§ HOW TO COMPLETE THIS TASK
Repeat exactly, please, the opening lines of the data below, through and including the line where "#20=DIRECTION('',(0.,0.,-1.));" sits.

START GIVEN ENTRIES

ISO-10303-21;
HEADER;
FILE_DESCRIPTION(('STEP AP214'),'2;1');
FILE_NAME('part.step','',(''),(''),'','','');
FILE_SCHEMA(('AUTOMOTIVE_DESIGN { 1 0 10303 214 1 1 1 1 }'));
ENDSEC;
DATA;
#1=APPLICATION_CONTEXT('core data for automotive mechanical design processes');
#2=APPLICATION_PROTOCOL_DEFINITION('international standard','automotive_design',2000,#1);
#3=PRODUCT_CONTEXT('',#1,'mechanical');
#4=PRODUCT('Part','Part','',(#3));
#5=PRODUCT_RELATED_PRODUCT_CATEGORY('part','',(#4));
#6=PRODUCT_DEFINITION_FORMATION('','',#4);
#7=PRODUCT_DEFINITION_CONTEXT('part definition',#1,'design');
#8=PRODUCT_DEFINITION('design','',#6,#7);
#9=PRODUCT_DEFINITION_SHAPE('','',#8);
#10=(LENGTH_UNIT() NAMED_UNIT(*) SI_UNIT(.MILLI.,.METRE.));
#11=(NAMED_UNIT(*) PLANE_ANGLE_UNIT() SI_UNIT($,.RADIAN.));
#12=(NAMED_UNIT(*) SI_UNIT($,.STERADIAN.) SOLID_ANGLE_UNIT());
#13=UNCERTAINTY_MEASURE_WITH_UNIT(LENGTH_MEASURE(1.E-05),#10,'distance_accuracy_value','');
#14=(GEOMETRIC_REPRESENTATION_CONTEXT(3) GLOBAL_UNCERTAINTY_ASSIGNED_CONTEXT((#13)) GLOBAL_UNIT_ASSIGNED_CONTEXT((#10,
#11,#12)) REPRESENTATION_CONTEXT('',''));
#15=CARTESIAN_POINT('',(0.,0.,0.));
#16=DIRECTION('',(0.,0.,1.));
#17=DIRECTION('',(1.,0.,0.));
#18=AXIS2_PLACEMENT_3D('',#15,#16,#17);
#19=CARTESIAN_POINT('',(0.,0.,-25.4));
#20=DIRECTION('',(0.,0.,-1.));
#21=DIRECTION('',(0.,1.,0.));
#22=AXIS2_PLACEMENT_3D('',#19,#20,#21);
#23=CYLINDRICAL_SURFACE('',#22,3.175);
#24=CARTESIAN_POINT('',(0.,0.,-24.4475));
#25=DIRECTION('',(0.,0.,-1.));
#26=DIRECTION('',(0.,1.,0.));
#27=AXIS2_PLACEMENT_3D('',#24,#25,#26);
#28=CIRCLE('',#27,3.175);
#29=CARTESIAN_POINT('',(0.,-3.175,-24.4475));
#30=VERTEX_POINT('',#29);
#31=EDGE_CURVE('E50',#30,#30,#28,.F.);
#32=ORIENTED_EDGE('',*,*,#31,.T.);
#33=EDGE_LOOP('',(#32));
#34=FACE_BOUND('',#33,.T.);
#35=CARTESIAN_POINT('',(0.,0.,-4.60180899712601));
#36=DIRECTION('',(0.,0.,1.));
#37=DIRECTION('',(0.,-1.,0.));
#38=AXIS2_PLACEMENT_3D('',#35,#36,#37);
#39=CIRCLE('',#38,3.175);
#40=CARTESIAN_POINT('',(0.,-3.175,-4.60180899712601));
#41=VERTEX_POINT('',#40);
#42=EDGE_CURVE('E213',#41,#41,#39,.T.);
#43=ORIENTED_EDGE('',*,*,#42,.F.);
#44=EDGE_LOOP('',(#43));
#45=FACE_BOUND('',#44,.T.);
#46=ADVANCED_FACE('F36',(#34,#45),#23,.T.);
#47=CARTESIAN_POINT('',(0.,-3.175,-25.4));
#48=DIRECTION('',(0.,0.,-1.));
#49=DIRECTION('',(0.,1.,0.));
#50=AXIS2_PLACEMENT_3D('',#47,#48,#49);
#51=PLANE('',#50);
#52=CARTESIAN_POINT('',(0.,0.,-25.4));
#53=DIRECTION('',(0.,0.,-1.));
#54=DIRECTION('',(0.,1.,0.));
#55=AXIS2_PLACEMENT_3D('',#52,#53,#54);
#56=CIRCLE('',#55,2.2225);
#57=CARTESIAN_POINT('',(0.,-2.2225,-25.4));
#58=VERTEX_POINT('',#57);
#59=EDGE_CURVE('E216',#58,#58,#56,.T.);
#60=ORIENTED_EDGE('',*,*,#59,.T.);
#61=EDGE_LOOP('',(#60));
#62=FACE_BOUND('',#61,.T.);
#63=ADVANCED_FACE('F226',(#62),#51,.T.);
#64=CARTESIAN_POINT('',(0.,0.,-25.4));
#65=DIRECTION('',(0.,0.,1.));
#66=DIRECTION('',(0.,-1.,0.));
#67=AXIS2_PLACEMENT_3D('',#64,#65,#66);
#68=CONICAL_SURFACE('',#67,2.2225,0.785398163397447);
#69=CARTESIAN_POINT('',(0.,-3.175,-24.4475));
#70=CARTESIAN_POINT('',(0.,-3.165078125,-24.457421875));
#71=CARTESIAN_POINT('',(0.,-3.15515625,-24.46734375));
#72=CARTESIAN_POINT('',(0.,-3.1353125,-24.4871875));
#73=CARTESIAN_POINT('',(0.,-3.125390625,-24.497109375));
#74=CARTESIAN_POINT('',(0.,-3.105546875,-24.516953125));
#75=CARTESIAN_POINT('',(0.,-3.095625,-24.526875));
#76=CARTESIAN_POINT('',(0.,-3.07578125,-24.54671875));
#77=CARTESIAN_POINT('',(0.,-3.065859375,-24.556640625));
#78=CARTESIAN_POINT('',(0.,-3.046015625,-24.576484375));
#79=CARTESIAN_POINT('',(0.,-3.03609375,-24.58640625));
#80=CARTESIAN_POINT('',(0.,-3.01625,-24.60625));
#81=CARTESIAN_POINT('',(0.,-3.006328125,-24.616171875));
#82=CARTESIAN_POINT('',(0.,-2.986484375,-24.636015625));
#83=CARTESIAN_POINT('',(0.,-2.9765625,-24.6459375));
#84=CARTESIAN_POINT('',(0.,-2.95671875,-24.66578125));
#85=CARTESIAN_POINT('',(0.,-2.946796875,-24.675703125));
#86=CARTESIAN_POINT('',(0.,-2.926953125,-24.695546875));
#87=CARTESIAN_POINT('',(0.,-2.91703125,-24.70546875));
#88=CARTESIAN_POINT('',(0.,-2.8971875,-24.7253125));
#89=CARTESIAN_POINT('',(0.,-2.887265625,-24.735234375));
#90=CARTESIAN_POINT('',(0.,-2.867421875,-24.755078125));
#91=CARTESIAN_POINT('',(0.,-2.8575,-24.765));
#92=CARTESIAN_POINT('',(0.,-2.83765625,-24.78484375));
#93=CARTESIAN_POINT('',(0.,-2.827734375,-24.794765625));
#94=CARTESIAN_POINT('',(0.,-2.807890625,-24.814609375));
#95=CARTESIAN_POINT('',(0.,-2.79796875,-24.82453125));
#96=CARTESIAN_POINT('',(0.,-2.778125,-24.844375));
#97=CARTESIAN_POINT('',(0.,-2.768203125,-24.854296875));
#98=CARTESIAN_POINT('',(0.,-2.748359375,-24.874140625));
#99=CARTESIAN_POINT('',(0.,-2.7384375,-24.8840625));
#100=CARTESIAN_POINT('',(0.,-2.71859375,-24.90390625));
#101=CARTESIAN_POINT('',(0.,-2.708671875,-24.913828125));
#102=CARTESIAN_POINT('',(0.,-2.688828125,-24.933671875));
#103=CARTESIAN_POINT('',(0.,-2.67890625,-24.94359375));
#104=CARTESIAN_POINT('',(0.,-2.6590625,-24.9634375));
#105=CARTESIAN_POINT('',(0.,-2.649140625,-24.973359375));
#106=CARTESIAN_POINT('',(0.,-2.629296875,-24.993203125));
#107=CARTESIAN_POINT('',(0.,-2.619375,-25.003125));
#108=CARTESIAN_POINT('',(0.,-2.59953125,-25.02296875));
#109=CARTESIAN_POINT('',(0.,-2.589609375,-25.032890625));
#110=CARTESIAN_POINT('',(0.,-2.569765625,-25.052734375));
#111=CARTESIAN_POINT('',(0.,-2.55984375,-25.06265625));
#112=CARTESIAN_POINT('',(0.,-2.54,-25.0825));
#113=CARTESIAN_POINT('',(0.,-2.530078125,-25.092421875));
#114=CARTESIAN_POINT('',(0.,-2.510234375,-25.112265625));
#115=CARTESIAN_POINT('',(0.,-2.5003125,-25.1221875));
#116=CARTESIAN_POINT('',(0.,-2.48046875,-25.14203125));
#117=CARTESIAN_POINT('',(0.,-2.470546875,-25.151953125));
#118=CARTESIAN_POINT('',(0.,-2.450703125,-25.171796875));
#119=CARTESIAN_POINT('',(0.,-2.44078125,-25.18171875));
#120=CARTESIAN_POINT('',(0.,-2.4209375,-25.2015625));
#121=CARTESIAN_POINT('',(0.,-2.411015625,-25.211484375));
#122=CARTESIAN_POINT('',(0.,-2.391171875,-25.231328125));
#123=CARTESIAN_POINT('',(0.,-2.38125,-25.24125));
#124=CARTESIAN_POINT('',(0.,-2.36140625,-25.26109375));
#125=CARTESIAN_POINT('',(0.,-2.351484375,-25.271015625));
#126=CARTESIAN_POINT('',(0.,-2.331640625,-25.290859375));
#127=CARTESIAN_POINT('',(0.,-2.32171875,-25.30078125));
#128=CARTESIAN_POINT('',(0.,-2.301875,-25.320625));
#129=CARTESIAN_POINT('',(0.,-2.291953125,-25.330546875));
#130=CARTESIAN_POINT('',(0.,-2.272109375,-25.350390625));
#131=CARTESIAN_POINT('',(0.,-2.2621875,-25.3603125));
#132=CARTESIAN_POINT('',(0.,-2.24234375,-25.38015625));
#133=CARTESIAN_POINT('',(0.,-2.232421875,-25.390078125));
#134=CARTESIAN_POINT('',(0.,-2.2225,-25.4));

END GIVEN ENTRIES

§ FINISHED EXERCISE
ISO-10303-21;
HEADER;
FILE_DESCRIPTION(('STEP AP214'),'2;1');
FILE_NAME('part.step','',(''),(''),'','','');
FILE_SCHEMA(('AUTOMOTIVE_DESIGN { 1 0 10303 214 1 1 1 1 }'));
ENDSEC;
DATA;
#1=APPLICATION_CONTEXT('core data for automotive mechanical design processes');
#2=APPLICATION_PROTOCOL_DEFINITION('international standard','automotive_design',2000,#1);
#3=PRODUCT_CONTEXT('',#1,'mechanical');
#4=PRODUCT('Part','Part','',(#3));
#5=PRODUCT_RELATED_PRODUCT_CATEGORY('part','',(#4));
#6=PRODUCT_DEFINITION_FORMATION('','',#4);
#7=PRODUCT_DEFINITION_CONTEXT('part definition',#1,'design');
#8=PRODUCT_DEFINITION('design','',#6,#7);
#9=PRODUCT_DEFINITION_SHAPE('','',#8);
#10=(LENGTH_UNIT() NAMED_UNIT(*) SI_UNIT(.MILLI.,.METRE.));
#11=(NAMED_UNIT(*) PLANE_ANGLE_UNIT() SI_UNIT($,.RADIAN.));
#12=(NAMED_UNIT(*) SI_UNIT($,.STERADIAN.) SOLID_ANGLE_UNIT());
#13=UNCERTAINTY_MEASURE_WITH_UNIT(LENGTH_MEASURE(1.E-05),#10,'distance_accuracy_value','');
#14=(GEOMETRIC_REPRESENTATION_CONTEXT(3) GLOBAL_UNCERTAINTY_ASSIGNED_CONTEXT((#13)) GLOBAL_UNIT_ASSIGNED_CONTEXT((#10,
#11,#12)) REPRESENTATION_CONTEXT('',''));
#15=CARTESIAN_POINT('',(0.,0.,0.));
#16=DIRECTION('',(0.,0.,1.));
#17=DIRECTION('',(1.,0.,0.));
#18=AXIS2_PLACEMENT_3D('',#15,#16,#17);
#19=CARTESIAN_POINT('',(0.,0.,-25.4));
#20=DIRECTION('',(0.,0.,-1.));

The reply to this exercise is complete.